The panel was titled “New Possibilities in Evaluation Metrics: Authors + Altmetrics = ?”. In organizing the panel, I tried to arrange a cross-section of speakers who had experience dealing with both author identifiers and altmetrics. All three of our panelists are frequent speakers on both topics independently of one another, and I thought it would be interesting to hear their thoughts on the relationship between these trends.

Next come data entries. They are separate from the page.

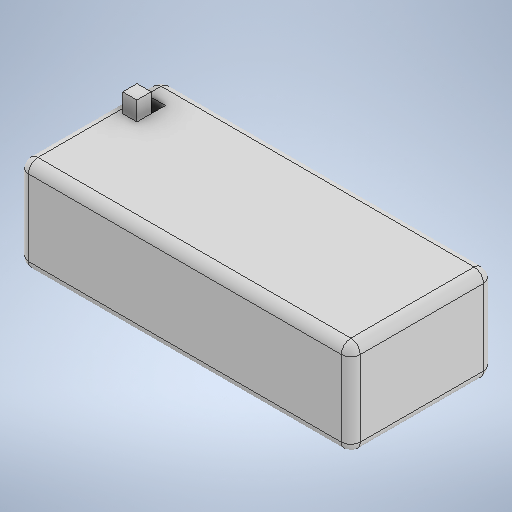
# Autodesk Inventor part: Part6
Saved by Autodesk Inventor 2025.2 (Build 292293000, 293)
## iProperties
Created: 2025-04-15
Part Number: Part6
Material: Generic
Document SubType Name: Sheet Metal
Designer: ziyuz
Density: 1 g/cm^3
Sheet Metal Rule: Default_mm
Appearance: Default
Author: ziyuz
Autodesk Inventor part; units mm, degrees
ref_plane "YZ Plane" through (0, 0, 0) normal (1, 0, 0) x (0, 1, 0)
ref_plane "XZ Plane" through (0, 0, 0) normal (0, 1, 0) x (-1, 0, 0)
ref_plane "XY Plane" through (0, 0, 0) normal (0, 0, 1) x (1, 0, 0)
sketch "Sketch1" plane through (0, 0, 0) normal (0, 1, 0) x (-1, 0, 0)
  line L0 (0, 0) -> (70, 0)
  line L1 (70, 0) -> (70, -30)
  line L2 (70, -30) -> (0, -30)
  line L3 (0, -30) -> (0, 0)
  dimension "d0" = 70
  dimension "d1" = 30
  constraints: 8 end point, 2 parallel, 1 horizontal, 1 perpendicular
  measures "d0" distance of L1.end L2.end
  measures "d1" distance of L0.end L1.end
extrude "Extrusion1" add sketch "Sketch1" along normal blind 20
fillet "Fillet1" radius 2 11 edges at (-70, 10, 0) (-70, 20, -15) (-35, 20, 0) (-70, 0, -15) (-35, 0, 0) (0, 10, 0) (0, 20, -15) (0, 0, -15) (0, 10, -30) (-35, 20, -30) (-35, 0, -30)
sketch "Sketch2" plane through (0, 20, 0) normal (0, 1, 0) x (1, 0, 0)
  line L0 (-67.0416, 18.9322) -> (-64.0416, 18.9322)
  line L1 (-64.0416, 18.9322) -> (-64.0416, 24.9322)
  line L2 (-64.0416, 24.9322) -> (-67.0416, 24.9322)
  line L3 (-67.0416, 24.9322) -> (-67.0416, 18.9322)
  point P0 (0, 0)
  dimension "d6" = 3
  dimension "d7" = 6
  constraints: 8 end point, 2 parallel, 1 horizontal, 1 perpendicular
  measures "d6" distance of L2.end L1.end
  measures "d7" distance of L1.end L0.end
fillet "Fillet2" radius 2 3 edges at (-69.4142, 19.4142, -29.4142) (-69.4142, 0.5858, -29.4142) (-70, 10, -30)
extrude "Extrusion2" cut sketch "Sketch2" against normal blind 4
sketch "Sketch3" plane through (0, 16, 0) normal (0, 1, 0) x (1, 0, 0)
  line L0 (-64.0416, 18.9322) -> (-67.0416, 18.9322) projected
  line L1 (-67.0416, 18.9322) -> (-67.0416, 24.9322) projected
  line L2 (-64.0416, 18.9322) -> (-67.0416, 18.9322)
  line L3 (-67.0416, 18.9322) -> (-67.0416, 21.9322)
  line L4 (-67.0416, 21.9322) -> (-64.0416, 21.9322)
  line L5 (-64.0416, 21.9322) -> (-64.0416, 18.9322)
  point P0 (0, 0)
  constraints: 8 end point, 2 parallel, 1 horizontal, 1 midpoint, 1 perpendicular
extrude "Extrusion3" add sketch "Sketch3" along normal blind 8
equation "\"BendRadius\" = Thickness"
equation "\"BendReliefWidth\" = Thickness"
equation "\"BendReliefDepth\" = 0.5 * Thickness"
equation "\"CornerReliefSize\" = 4 * Thickness"
equation "\"MinimumRemnant\" = 2 * Thickness"
equation "\"TransitionRadius\" = BendRadius"
equation "\"JacobiRadiusSize\" = BendRadius"
equation "\"GapSize\" = Thickness"
equation "\"Thickness\" = 0.5"
body "Solid1"
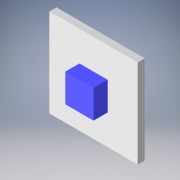
# Autodesk Inventor part: ledstrip
Saved by Autodesk Inventor 2017 (Build 210142000, 142)
## iProperties
Created: 2016-11-07
Part Number: ledstrip
Material: Generic
Document SubType Name: Modeling
Designer: gus
Density: 1 g/cm^3
Appearance: Default
Author: gus
Autodesk Inventor part; units mm, degrees
ref_plane "YZ Plane" through (0, 0, 0) normal (1, 0, 0) x (0, 1, 0)
ref_plane "XZ Plane" through (0, 0, 0) normal (0, 1, 0) x (-1, 0, 0)
ref_plane "XY Plane" through (0, 0, 0) normal (0, 0, 1) x (1, 0, 0)
sketch "Sketch1" plane through (0, 0, 0) normal (0, 0, 1) x (1, 0, 0)
  line L0 (0, 0) -> (15.875, 0)
  line L1 (15.875, 0) -> (15.875, 15.875)
  line L2 (15.875, 15.875) -> (0, 15.875)
  line L3 (0, 15.875) -> (0, 0)
  dimension "d0" = 15.875
  dimension "d1" = 15.875
  constraints: 8 end point, 2 parallel, 1 horizontal, 1 perpendicular
  measures "d0" distance of L2.end L1.end
  measures "d1" distance of L1.end L0.end
extrude "Extrusion1" add sketch "Sketch1" along normal blind 1.27
sketch "Sketch2" plane through (0, 0, 1.27) normal (0, 0, 1) x (1, 0, 0)
  line L0 (0, 0) -> (15.875, 0) projected
  line L1 (15.875, 0) -> (15.875, 15.875) projected
  line L2 (15.875, 15.875) -> (0, 15.875) projected
  line L3 (0, 15.875) -> (0, 0) projected
  line L4 (5.3975, 10.4775) -> (10.4775, 10.4775)
  line L5 (10.4775, 10.4775) -> (10.4775, 5.3975)
  line L6 (10.4775, 5.3975) -> (5.3975, 5.3975)
  line L7 (5.3975, 5.3975) -> (5.3975, 10.4775)
  dimension "d4" = 5.08
  constraints: 8 end point, 3 other
  measures "d4" distance between parallel lines of L5 L7
extrude "Extrusion2" add sketch "Sketch2" along normal blind 2.54 contours L4 L5 L6 L7
body "Solid1"
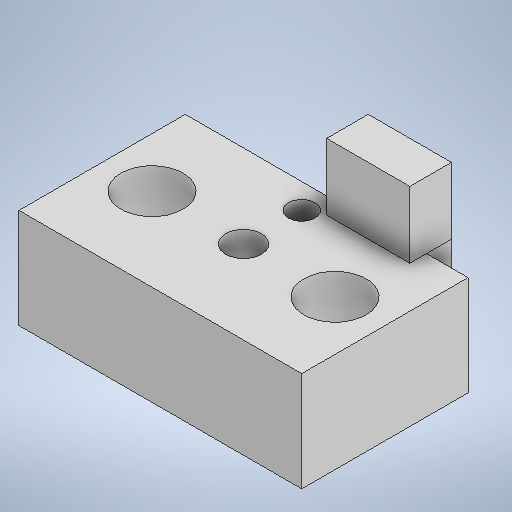
# Autodesk Inventor part: Taster_Schlitten_M8
Saved by Autodesk Inventor 2025 (Build 290162000, 162)
## iProperties
Created: 2026-07-09
Part Number: Taster_Schlitten_M8
Material: Generisch
Document SubType Name: Modeling
Designer: wavid
Mass: 58.2257 g
Surface Area: 163.883 cm^2
Volume: 58.2257 cm^3
Density: 1 g/cm^3
Appearance: Vorgabe
Author: wavid
Autodesk Inventor part; units mm, degrees
ref_plane "YZ Plane" through (0, 0, 0) normal (1, 0, 0) x (0, 1, 0)
sketch "Skizze1" plane through (0, 0, 0) normal (0, 0, 1) x (1, 0, 0)
  line L0 (-34, -20) -> (34, -20)
  line L1 (34, -20) -> (34, 20)
  line L2 (34, 20) -> (-34, 20)
  line L3 (-34, 20) -> (-34, -20)
  constraints: 8 end point, 2 parallel, 1 horizontal, 1 perpendicular
extrude "Extrusion1" add sketch "Skizze1" along normal blind 24
sketch "Skizze2" plane through (0, 0, 0) normal (0, 0, 1) x (1, 0, 0)
  line L0 (4, 20) -> (24, 20)
  line L1 (24, 20) -> (24, 26)
  line L2 (24, 26) -> (4, 26)
  line L3 (4, 26) -> (4, 20)
  constraints: 8 end point, 2 parallel, 1 horizontal, 1 perpendicular
extrude "Extrusion2" add sketch "Skizze2" along normal blind 24 separate body
ref_plane "Arbeitsebene1" through (0, 0, 24) normal (0, 0, 1) x (1, 0, 0)
sketch "Skizze3" plane through (0, 0, 24) normal (0, 0, 1) x (1, 0, 0)
  line L0 (4, 16) -> (24, 16)
  line L1 (24, 16) -> (24, 26)
  line L2 (24, 26) -> (4, 26)
  line L3 (4, 26) -> (4, 16)
  constraints: 8 end point, 2 parallel, 1 horizontal, 1 perpendicular
extrude "Extrusion3" add sketch "Skizze3" along normal blind 16 separate body
sketch "Skizze4" plane through (0, 0, 24) normal (0, 0, 1) x (1, 0, 0)
  circle A0 centre (-22, 0) radius 7.5
  constraints: 1 centre point
extrude "Extrusion4" cut sketch "Skizze4" against normal blind 24.2 bodies 1
sketch "Skizze5" plane through (0, 0, 24) normal (0, 0, 1) x (1, 0, 0)
  circle A0 centre (22, 0) radius 7.5
  constraints: 1 centre point
extrude "Extrusion5" cut sketch "Skizze5" against normal blind 24.2 bodies 1
sketch "Skizze6" plane through (0, 0, 24) normal (0, 0, 1) x (1, 0, 0)
  circle A0 centre (0, 0) radius 4.3
  constraints: 1 centre point
extrude "Extrusion6" cut sketch "Skizze6" against normal blind 24.2 bodies 1
sketch "Skizze7" plane through (0, 0, 24) normal (0, 0, 1) x (1, 0, 0)
  circle A0 centre (0, 14) radius 3.2
  constraints: 1 centre point
extrude "Extrusion7" cut sketch "Skizze7" against normal blind 24.2 bodies 1
sketch "Skizze8" plane through (0, 0, 0) normal (0, 0, 1) x (1, 0, 0)
  line L0 (-6.7, -7.8) -> (6.7, -7.8)
  line L1 (6.7, -7.8) -> (6.7, 7.8)
  line L2 (6.7, 7.8) -> (-6.7, 7.8)
  line L3 (-6.7, 7.8) -> (-6.7, -7.8)
  constraints: 8 end point, 2 parallel, 1 horizontal, 1 perpendicular
extrude "Extrusion8" cut sketch "Skizze8" along normal blind 7 bodies 1
sketch "Skizze9" plane through (0, 0, 0) normal (0, 0, 1) x (1, 0, 0)
  circle A0 centre (0, 14) radius 6.5
  constraints: 1 centre point
extrude "Extrusion9" cut sketch "Skizze9" along normal blind 14 bodies 1
sketch "Skizze10" plane through (0, 0, 0) normal (0, 0, 1) x (1, 0, 0)
  circle A0 centre (-9, 14) radius 1
  constraints: 1 centre point
extrude "Extrusion10" cut sketch "Skizze10" along normal blind 8 bodies 1
sketch "Skizze11" plane through (0, 0, 0) normal (0, 0, 1) x (1, 0, 0)
  circle A0 centre (9, 14) radius 1
  constraints: 1 centre point
extrude "Extrusion11" cut sketch "Skizze11" along normal blind 8 bodies 1
ref_plane "Arbeitsebene2" through (0, 16, 0) normal (0, 1, 0) x (-1, 0, 0)
sketch "Skizze12" plane through (0, 16, 0) normal (0, 1, 0) x (-1, 0, 0)
  circle A0 centre (9, 34) radius 1.2
  constraints: 1 centre point
extrude "Extrusion12" cut sketch "Skizze12" along normal blind 10.2 bodies 1
sketch "Skizze13" plane through (0, 16, 0) normal (0, 1, 0) x (-1, 0, 0)
  circle A0 centre (18.5, 34) radius 1.2
  constraints: 1 centre point
extrude "Extrusion13" cut sketch "Skizze13" along normal blind 10.2 bodies 1
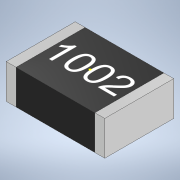
# Autodesk Inventor part: Part4
Saved by Autodesk Inventor 2021 (Build 250183000, 183)
## iProperties
Created: 2023-04-01
Part Number: Part4
Material: Generic
Document SubType Name: Modeling
Designer: stepa
Density: 1 g/cm^3
Appearance: Default
Author: stepa
Autodesk Inventor part; units mm, degrees
ref_plane "YZ Plane" through (0, 0, 0) normal (1, 0, 0) x (0, 1, 0)
ref_plane "XZ Plane" through (0, 0, 0) normal (0, 1, 0) x (-1, 0, 0)
ref_plane "XY Plane" through (0, 0, 0) normal (0, 0, 1) x (1, 0, 0)
sketch "Sketch1" plane through (0, 0, 0) normal (0, 1, 0) x (-1, 0, 0)
  line L0 (0.8, 0.7) -> (-0.8, 0.7)
  line L1 (-0.8, 0.7) -> (-0.8, -0.7)
  line L2 (-0.8, -0.7) -> (0.8, -0.7)
  line L3 (0.8, -0.7) -> (0.8, 0.7)
  line L4 (0.8, 0.7) -> (-0.8, -0.7) construction
  line L5 (-0.8, 0.7) -> (0.8, -0.7) construction
  point P0 (0, 0)
  dimension "d0" = 1.4
  dimension "d1" = 1.6
  constraints: 12 end point, 2 midpoint, 2 parallel, 1 horizontal, 1 perpendicular
  measures "d0" distance of L2.end L0.start
  measures "d1" distance of L1.end L2.end
extrude "Extrusion1" add sketch "Sketch1" along normal blind 0.7
sketch "Sketch2" plane through (0.8, 0, 0.7) normal (1, 0, 0) x (0, 0, -1)
  line L0 (0, 0) -> (1.4, 0) projected
  line L1 (1.4, 0) -> (1.4, 0.7) projected
  line L2 (0, 0.7) -> (1.4, 0.7) projected
  line L3 (0, 0) -> (0, 0.7) projected
  point P0 (0.7, 0)
extrude "Extrusion2" add sketch "Sketch2" along normal blind 0.2 separate body
mirror "Mirror1" about plane through (0, 0, 0) normal (1, 0, 0) of "Extrusion2" bodies 2
sketch "Sketch3" plane through (0, 0.7, 0) normal (0, 1, 0) x (1, 0, 0)
  line L0 (-0.809, 0.2813) -> (2.4608, 0.2813) construction
  line L1 (2.4608, 0.2813) -> (2.4608, -0.6207) construction
  line L2 (2.4608, -0.6207) -> (-0.809, -0.6207) construction
  line L3 (-0.809, -0.6207) -> (-0.809, 0.2813) construction
  point P0 (0, 0)
  constraints: 2 other
body "Solid1"
body "Solid2"
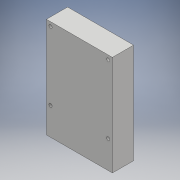
# Autodesk Inventor part: RaspberryPi_Placeholder
Saved by Autodesk Inventor 2017 (Build 210142000, 142)
## iProperties
Created: 2017-02-02
Part Number: RaspberryPi_Placeholder
Material: Generic
Document SubType Name: Modeling
Designer: Alexander Miller
Density: 1 g/cm^3
Appearance: Default
Author: Alexander Miller
Autodesk Inventor part; units mm, degrees
ref_plane "YZ Plane" through (0, 0, 0) normal (1, 0, 0) x (0, 1, 0)
ref_plane "XZ Plane" through (0, 0, 0) normal (0, 1, 0) x (-1, 0, 0)
ref_plane "XY Plane" through (0, 0, 0) normal (0, 0, 1) x (1, 0, 0)
sketch "Sketch1" plane through (0, 0, 0) normal (0, 1, 0) x (-1, 0, 0)
  line L0 (-28, 42.5) -> (28, 42.5)
  line L1 (28, 42.5) -> (28, -42.5)
  line L2 (28, -42.5) -> (-28, -42.5)
  line L3 (-28, -42.5) -> (-28, 42.5)
  point P0 (0, 0)
  point P1 (28, 0)
  point P2 (0, 42.5)
  dimension "d0" = 85
  dimension "d1" = 56
  constraints: 8 end point, 2 midpoint, 2 parallel, 1 horizontal, 1 horizontal alignment, 1 perpendicular, 1 vertical alignment
  measures "d0" distance of L0.end L1.end
  measures "d1" distance of L0.start L0.end
extrude "Extrusion1" add sketch "Sketch1" along normal blind 18
sketch "Sketch2" plane through (0, 18, 0) normal (0, 1, 0) x (1, 0, 0)
  circle A0 centre (-24.5, -39) radius 1.375
  circle A1 centre (24.5, -39) radius 1.375
  circle A2 centre (24.5, 19) radius 1.375
  circle A3 centre (-24.5, 19) radius 1.375
  line L0 (-28, 42.5) -> (-28, -42.5) projected
  line L1 (28, 42.5) -> (28, -42.5) projected
  line L2 (-28, -42.5) -> (28, -42.5) projected
  point P0 (0, 0)
  dimension "d4" = 3.5
  dimension "d5" = 3.5
  dimension "d6" = 58
  dimension "d7" = 2.75
  dimension "d8" = 3.5
  constraints: 4 centre point, 3 equal radius, 2 horizontal alignment, 2 vertical alignment
  measures "d4" distance from line of A0.centre L0
  measures "d5" distance from line of L1 A1.centre
  measures "d6" distance of A3.centre A0.centre
  measures "d7" diameter of A0
  measures "d8" distance from line of A1.centre L2
extrude "Extrusion2" cut sketch "Sketch2" against normal through all
equation "\"d5\" = d4"
equation "\"d8\" = d4"
body "Solid1"

In his role as Head of Academic Outreach at Mendeley, our first speaker William Gunn (http://orcid.org/0000-0002-3555-2054) is a major proponent of Mendeley readership statistics as a key new metric. Mendeley is also a major scholarly platform for user-generated researcher profiles. Mendeley has been at the center of these trends since the beginning. For example, one of the earliest experiments in altmetrics at the author-level was Dario Tarobelli‘s ReaderMeter, which was based on Mendeley data. William kicked-off by outlining three key benefits of altmetrics: “Get better data on researcher engagement with research; Get it faster; Serve all the stakeholders in research”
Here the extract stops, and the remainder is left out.